• **PROBLEM DETAILS**
Keep only those lines of the records that include the string "Between".

Stored items:
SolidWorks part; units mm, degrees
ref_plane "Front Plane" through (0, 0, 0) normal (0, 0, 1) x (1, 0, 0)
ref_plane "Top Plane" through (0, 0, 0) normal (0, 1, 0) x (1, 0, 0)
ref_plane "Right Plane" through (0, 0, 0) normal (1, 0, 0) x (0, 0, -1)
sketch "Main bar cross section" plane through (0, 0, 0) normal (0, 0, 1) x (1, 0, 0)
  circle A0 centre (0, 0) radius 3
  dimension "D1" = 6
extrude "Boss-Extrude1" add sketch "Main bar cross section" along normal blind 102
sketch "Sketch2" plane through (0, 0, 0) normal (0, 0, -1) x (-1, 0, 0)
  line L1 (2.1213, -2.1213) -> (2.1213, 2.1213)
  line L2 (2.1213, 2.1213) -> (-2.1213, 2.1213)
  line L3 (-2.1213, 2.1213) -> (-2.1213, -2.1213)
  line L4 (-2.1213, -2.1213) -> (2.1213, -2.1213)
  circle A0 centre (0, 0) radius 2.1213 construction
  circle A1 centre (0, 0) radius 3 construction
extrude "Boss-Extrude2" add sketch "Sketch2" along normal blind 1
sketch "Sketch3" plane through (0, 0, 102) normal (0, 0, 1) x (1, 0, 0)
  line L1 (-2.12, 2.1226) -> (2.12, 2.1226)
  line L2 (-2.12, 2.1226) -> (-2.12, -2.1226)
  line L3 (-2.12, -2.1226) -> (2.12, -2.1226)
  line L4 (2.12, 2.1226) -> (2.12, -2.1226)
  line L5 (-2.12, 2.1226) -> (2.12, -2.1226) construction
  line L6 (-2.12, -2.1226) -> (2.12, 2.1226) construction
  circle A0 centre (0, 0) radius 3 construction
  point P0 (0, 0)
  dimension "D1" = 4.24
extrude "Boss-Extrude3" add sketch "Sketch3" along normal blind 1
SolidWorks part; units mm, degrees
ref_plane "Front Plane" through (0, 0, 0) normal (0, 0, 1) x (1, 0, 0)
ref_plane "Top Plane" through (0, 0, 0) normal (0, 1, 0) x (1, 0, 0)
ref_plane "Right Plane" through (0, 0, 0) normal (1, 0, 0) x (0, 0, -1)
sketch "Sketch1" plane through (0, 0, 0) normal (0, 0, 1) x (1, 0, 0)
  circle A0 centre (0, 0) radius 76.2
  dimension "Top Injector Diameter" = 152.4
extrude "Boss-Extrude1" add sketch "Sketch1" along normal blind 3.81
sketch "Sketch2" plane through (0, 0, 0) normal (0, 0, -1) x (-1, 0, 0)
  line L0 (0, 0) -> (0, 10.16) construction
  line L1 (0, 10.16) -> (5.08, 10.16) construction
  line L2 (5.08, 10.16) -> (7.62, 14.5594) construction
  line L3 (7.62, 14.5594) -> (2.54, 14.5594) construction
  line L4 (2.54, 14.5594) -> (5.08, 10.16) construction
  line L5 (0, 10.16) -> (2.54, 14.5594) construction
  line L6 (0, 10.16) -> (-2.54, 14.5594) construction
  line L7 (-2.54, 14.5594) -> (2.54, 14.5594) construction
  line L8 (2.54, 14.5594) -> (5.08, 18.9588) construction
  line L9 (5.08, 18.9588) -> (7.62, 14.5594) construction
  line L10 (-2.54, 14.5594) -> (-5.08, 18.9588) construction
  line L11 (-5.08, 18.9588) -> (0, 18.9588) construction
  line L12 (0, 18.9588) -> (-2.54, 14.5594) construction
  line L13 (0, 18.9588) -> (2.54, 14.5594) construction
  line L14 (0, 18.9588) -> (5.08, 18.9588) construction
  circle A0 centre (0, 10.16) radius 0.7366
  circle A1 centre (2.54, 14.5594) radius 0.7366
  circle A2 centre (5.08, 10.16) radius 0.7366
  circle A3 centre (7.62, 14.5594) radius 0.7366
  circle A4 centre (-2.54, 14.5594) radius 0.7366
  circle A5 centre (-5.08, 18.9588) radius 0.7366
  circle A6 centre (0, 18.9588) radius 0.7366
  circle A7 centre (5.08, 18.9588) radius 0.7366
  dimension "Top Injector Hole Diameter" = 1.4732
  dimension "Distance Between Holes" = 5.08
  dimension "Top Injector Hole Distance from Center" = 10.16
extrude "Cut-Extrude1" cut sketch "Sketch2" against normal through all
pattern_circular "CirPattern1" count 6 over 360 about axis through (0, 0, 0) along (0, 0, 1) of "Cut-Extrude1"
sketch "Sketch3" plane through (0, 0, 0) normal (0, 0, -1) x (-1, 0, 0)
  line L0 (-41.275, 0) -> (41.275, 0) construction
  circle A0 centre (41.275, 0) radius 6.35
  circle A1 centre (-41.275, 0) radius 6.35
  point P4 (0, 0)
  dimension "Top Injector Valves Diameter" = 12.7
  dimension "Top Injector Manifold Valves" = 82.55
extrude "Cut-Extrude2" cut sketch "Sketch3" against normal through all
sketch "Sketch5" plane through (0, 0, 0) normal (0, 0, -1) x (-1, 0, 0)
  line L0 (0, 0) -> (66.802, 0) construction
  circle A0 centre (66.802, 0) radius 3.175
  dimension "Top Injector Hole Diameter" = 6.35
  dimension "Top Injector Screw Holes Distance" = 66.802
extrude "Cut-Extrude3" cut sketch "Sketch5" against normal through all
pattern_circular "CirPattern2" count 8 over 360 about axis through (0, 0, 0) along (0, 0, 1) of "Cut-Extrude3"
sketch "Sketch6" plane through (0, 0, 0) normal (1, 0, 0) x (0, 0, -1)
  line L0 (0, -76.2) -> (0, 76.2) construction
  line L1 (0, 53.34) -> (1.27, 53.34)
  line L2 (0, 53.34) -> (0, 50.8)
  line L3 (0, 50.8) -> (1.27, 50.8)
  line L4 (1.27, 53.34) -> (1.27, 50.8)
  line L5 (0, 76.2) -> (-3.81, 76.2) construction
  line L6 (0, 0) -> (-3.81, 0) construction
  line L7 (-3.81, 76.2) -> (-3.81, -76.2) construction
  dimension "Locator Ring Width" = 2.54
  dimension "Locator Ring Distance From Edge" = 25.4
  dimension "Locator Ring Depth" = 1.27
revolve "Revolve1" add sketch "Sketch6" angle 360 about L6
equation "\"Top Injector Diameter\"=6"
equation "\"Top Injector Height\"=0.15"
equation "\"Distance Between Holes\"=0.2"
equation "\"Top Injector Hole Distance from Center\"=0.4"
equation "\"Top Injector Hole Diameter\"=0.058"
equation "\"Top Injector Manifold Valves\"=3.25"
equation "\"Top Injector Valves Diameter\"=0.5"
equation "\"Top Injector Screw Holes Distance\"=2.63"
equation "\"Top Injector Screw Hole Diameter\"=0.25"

• **ANSWER**
  dimension "Distance Between Holes" = 5.08
equation "\"Distance Between Holes\"=0.2"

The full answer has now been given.